Personal information
- Born: 18 March 1998 (age 28) Thessaloniki, Greece
- Height: 1.85 m (6 ft 1 in)
- Weight: 75 kg (165 lb)

Sport
- Country: Greece
- Sport: Athletics
- Event: Long jump
- Club: G.S. Kifissias
- Coached by: Georgi Pomashki Evangelos Papanikos

Achievements and titles
- Highest world ranking: 1st (2023)
- Personal bests: 8.66 m =NR (2026) 8.55 m i NR (2022)

Medal record
Men's athletics
Representing Greece
| Event | 1st | 2nd | 3rd |
| Olympic Games | 2 | 0 | 0 |
| World Championships | 1 | 1 | 0 |
| World Indoor Championships | 2 | 0 | 0 |
| World Ultimate Championships | 1 | 0 | 0 |
| Diamond League | 1 | 1 | 1 |
| European Championships | 4 | 0 | 0 |
| European Indoor Championships | 3 | 0 | 0 |
| European Games | 1 | 0 | 0 |
| Continental Cup | 0 | 1 | 0 |
| Balkan Athletics Championships | 3 | 1 | 0 |
| Total | 18 | 4 | 1 |
Olympic Games
| Gold medal – first place | 2020 Tokyo | Long jump |
| Gold medal – first place | 2024 Paris | Long jump |
World Championships
| Gold medal – first place | 2023 Budapest | Long jump |
| Silver medal – second place | 2022 Eugene | Long jump |
World Indoor Championships
| Gold medal – first place | 2022 Belgrade | Long jump |
| Gold medal – first place | 2024 Glasgow | Long jump |
World Ultimate Championship
| First place | 2026 Budapest | Long jump |
Diamond League
| First place | 2022 | Long jump |
| Second place | 2026 | Long jump |
| Third place | 2024 | Long jump |
European Championships
| Gold medal – first place | 2018 Berlin | Long jump |
| Gold medal – first place | 2022 Munich | Long jump |
| Gold medal – first place | 2024 Rome | Long jump |
| Gold medal – first place | 2026 Birmingham | Long jump |
European Indoor Championships
| Gold medal – first place | 2019 Glasgow | Long jump |
| Gold medal – first place | 2021 Toruń | Long jump |
| Gold medal – first place | 2023 Istanbul | Long jump |
European Games
| Gold medal – first place | 2023 Kraków-Małopolska | Long jump |
European U23 Championships
| Gold medal – first place | 2019 Gävle | Long jump |
World Junior Championships
| Silver medal – second place | 2016 Bydgoszcz | Long jump |
European U20 Championships
| Gold medal – first place | 2017 Grosseto | Long jump |
Representing Europe
Continental Cup
| Silver medal – second place | 2018 Ostrava | Long jump |

= Miltiadis Tentoglou =

Greek long jumper (born 1998)

Miltiadis "Miltos" Tentoglou (Μιλτιάδης "Μίλτος" Τεντόγλου /el/; born 18 March 1998) is a Greek long jumper who has won two Olympic gold medals, one World Championship gold medal and four European Championship gold medals. He is regarded as one of the greatest long jumpers of all time, having won the sport’s major international titles.

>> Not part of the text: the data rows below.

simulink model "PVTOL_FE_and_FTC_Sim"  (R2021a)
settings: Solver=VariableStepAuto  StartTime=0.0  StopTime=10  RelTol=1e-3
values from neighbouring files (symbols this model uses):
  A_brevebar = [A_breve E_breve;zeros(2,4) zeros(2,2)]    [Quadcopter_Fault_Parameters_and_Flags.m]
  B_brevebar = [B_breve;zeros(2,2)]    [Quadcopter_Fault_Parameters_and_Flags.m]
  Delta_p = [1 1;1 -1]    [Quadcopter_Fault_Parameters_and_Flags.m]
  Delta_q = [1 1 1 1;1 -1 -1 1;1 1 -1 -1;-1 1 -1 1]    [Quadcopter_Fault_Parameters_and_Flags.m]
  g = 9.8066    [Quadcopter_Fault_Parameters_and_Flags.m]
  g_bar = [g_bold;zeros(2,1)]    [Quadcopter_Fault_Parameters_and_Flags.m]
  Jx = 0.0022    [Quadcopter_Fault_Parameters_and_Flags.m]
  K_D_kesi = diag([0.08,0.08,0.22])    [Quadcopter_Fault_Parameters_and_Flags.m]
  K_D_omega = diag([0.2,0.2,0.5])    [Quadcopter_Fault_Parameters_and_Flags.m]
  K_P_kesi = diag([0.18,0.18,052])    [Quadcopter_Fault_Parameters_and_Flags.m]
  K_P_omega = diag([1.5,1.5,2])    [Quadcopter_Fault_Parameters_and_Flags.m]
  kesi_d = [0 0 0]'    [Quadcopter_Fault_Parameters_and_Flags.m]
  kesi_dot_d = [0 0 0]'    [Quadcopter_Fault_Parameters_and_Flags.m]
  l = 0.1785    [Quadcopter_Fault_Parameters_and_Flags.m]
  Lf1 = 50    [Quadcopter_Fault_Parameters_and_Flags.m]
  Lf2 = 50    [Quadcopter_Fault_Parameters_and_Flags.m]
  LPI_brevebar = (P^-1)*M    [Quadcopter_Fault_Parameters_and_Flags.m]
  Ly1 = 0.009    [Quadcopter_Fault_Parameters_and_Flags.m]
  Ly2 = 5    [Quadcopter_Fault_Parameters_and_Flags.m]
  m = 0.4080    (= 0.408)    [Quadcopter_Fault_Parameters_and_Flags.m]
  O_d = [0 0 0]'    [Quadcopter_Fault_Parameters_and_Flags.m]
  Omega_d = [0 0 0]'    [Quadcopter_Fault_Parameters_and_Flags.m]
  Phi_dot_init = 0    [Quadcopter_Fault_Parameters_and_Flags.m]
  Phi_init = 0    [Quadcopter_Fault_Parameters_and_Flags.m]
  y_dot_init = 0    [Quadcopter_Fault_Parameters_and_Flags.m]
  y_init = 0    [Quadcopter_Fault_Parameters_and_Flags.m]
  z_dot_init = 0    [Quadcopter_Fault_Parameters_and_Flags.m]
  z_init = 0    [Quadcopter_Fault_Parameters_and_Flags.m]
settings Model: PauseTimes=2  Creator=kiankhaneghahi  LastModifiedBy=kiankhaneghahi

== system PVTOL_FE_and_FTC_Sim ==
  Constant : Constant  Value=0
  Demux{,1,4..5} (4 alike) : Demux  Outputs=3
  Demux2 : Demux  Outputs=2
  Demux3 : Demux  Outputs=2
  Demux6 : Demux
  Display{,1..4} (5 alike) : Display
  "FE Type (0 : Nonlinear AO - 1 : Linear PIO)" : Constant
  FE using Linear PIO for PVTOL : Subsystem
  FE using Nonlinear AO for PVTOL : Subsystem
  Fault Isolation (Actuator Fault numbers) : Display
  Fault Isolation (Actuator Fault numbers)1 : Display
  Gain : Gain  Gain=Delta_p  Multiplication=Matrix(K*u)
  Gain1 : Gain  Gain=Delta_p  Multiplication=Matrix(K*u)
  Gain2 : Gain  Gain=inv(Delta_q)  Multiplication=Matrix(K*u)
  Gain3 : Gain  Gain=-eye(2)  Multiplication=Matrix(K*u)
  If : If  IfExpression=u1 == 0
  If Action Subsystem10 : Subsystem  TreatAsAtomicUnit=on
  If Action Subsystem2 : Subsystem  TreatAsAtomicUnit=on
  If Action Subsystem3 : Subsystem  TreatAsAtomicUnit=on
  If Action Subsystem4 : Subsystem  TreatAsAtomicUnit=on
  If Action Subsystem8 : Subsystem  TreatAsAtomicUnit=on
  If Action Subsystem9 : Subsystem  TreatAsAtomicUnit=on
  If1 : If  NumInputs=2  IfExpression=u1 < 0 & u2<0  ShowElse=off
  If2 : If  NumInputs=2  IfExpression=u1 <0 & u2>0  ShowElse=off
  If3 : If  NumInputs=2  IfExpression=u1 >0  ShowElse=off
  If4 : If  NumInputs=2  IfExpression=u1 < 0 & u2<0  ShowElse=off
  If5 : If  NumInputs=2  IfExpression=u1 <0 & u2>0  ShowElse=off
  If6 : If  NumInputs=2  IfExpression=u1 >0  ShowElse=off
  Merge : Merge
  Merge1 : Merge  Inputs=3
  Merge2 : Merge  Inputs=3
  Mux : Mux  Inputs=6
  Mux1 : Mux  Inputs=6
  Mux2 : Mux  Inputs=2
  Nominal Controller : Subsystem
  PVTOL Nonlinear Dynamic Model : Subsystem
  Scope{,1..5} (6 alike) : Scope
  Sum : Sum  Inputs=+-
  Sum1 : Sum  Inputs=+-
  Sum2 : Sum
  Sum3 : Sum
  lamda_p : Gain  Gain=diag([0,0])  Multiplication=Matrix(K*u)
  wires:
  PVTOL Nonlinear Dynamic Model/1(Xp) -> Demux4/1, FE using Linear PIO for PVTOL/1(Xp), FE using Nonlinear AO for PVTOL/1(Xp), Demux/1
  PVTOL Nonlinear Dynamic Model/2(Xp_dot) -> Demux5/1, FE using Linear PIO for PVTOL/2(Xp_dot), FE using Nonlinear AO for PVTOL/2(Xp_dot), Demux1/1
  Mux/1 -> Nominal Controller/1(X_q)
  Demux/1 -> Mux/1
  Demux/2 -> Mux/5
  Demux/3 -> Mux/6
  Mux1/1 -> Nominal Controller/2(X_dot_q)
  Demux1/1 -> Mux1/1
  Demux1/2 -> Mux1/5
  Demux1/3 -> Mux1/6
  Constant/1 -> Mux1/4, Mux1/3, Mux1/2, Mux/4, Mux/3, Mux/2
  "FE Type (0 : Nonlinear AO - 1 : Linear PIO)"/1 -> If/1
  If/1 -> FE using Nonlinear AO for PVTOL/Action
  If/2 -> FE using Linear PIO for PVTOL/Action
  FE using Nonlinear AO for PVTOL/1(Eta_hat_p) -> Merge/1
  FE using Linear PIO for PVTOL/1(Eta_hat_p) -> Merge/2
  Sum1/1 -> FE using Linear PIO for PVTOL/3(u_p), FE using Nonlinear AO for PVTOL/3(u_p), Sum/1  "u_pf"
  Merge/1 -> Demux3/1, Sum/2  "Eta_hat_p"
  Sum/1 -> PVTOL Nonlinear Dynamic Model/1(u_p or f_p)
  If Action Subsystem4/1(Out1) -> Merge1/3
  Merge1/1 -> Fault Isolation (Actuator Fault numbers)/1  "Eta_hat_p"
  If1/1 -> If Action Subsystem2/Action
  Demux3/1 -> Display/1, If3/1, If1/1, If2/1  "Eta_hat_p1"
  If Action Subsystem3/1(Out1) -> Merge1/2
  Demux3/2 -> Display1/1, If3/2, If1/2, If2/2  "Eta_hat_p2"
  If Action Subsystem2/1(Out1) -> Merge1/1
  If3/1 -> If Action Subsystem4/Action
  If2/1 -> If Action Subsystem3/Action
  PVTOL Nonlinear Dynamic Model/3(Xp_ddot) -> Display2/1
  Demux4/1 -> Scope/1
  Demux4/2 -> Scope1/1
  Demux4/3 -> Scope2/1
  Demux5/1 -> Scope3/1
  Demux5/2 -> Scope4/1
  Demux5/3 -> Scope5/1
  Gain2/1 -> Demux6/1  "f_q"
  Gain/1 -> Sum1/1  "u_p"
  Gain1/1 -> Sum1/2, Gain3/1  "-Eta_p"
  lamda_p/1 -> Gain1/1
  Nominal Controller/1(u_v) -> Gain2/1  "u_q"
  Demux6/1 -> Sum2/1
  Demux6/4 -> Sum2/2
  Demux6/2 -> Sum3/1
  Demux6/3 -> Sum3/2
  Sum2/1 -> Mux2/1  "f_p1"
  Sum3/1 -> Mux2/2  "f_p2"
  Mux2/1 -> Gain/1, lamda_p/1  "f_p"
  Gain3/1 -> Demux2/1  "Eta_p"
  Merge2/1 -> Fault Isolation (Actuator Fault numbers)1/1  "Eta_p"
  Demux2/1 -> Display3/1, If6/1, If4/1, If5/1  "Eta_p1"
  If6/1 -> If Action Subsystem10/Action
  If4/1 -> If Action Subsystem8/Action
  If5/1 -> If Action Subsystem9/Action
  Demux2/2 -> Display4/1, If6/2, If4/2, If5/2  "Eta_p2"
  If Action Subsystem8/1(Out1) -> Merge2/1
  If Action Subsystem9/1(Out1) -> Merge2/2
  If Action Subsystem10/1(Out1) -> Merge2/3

He won gold at the 2020 Tokyo Olympics, 2024 Paris Olympics, and the 2023 World Athletics Championships in Budapest. In 2022, Tentoglou became the World Indoor champion jumping the current Greek indoor record of 8.55 metres, which places him sixth best indoor on the world all-time list, and took silver at the outdoor World Championships. He is a seven-time European champion, winning a record four consecutive outdoor titles in 2018, 2022, 2024 and 2026 and a record three successive men's indoor titles between 2019-2023. He also won the long jump discipline four times at the European Athletics Team Championships.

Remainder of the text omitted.